_What to work on_
Only the lines below, from the one with "# SUSP_FR_rocker_boss: sweep" through the one with "Circle(SUSP_FR_ROCKER_BOSS_PROFILE_R)", are to be written out, exactly.

▽

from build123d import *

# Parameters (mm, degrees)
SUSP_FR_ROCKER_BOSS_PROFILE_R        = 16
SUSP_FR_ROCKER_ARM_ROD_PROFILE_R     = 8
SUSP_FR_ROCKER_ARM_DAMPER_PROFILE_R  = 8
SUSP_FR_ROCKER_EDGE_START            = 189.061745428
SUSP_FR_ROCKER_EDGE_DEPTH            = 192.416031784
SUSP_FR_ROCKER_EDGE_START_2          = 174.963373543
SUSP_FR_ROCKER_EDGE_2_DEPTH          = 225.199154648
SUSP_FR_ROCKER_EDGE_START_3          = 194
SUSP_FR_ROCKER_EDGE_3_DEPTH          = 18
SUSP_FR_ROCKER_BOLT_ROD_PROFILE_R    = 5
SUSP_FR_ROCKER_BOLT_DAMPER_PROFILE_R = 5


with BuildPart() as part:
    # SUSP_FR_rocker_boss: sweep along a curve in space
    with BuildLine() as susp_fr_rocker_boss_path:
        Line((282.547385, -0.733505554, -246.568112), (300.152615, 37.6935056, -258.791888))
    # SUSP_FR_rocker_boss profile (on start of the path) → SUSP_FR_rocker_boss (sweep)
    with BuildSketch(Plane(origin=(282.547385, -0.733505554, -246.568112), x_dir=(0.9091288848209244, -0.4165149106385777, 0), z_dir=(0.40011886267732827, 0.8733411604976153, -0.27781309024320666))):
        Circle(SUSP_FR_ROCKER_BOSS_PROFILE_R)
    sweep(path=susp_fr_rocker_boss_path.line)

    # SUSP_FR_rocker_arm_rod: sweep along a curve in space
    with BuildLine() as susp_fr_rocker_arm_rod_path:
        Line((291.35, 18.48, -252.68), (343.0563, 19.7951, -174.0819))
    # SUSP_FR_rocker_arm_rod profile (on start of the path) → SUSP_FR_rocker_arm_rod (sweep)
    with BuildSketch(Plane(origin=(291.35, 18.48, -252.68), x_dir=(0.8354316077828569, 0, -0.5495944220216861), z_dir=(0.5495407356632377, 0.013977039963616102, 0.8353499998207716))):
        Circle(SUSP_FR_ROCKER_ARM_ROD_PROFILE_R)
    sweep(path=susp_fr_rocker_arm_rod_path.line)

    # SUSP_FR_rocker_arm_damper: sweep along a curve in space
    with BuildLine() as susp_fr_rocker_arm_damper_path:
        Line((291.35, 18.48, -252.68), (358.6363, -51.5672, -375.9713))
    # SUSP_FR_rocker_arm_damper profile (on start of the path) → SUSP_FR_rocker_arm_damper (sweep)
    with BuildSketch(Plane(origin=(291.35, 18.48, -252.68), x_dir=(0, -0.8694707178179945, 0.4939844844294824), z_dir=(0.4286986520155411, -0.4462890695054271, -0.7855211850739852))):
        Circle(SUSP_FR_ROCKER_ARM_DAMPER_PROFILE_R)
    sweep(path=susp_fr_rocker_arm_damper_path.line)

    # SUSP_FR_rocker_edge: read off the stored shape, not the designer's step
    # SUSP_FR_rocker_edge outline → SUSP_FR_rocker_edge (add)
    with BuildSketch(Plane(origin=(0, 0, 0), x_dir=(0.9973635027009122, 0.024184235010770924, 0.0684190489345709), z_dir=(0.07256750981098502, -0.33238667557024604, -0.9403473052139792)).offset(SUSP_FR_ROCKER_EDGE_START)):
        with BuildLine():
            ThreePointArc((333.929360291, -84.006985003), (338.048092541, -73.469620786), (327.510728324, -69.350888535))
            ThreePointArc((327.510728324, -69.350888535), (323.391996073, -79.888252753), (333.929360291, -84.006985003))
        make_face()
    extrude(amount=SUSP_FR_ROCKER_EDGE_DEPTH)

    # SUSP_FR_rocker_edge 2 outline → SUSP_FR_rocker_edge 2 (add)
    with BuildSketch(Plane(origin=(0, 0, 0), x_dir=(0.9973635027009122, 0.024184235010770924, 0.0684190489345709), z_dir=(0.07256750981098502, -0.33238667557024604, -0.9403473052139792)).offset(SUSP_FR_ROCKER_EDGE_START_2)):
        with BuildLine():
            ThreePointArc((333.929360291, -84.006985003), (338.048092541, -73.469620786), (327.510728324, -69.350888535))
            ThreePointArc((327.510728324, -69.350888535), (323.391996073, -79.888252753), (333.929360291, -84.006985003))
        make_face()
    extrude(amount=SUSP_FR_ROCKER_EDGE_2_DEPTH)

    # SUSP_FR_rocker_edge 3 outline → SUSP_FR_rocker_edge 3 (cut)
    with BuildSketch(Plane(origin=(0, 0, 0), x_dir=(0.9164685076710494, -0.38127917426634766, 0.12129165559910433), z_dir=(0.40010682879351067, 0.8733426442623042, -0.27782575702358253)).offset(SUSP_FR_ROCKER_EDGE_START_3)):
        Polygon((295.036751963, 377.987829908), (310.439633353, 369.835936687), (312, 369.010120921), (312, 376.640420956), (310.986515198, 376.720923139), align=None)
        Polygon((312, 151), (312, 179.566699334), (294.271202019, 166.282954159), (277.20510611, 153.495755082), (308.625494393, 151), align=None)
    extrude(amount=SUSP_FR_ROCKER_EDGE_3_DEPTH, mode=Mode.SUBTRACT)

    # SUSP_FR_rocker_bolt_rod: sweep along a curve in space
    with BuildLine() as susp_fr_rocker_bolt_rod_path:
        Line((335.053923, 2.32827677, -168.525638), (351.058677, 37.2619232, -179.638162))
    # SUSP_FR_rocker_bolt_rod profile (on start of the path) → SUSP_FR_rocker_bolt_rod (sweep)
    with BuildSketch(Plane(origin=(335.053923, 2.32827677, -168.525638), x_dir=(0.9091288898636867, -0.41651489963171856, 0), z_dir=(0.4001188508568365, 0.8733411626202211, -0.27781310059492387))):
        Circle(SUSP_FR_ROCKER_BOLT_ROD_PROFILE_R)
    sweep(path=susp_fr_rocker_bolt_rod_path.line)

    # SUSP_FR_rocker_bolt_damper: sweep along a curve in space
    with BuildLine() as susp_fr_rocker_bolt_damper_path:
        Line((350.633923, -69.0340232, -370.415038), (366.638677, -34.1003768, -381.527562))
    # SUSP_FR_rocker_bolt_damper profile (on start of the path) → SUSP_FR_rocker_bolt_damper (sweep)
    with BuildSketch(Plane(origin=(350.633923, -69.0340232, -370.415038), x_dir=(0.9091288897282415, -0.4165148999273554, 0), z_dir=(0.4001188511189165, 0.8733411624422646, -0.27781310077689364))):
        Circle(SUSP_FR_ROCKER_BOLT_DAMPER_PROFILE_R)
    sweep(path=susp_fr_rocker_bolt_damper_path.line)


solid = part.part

△

_Result below_
    # SUSP_FR_rocker_boss: sweep along a curve in space
    with BuildLine() as susp_fr_rocker_boss_path:
        Line((282.547385, -0.733505554, -246.568112), (300.152615, 37.6935056, -258.791888))
    # SUSP_FR_rocker_boss profile (on start of the path) → SUSP_FR_rocker_boss (sweep)
    with BuildSketch(Plane(origin=(282.547385, -0.733505554, -246.568112), x_dir=(0.9091288848209244, -0.4165149106385777, 0), z_dir=(0.40011886267732827, 0.8733411604976153, -0.27781309024320666))):
        Circle(SUSP_FR_ROCKER_BOSS_PROFILE_R)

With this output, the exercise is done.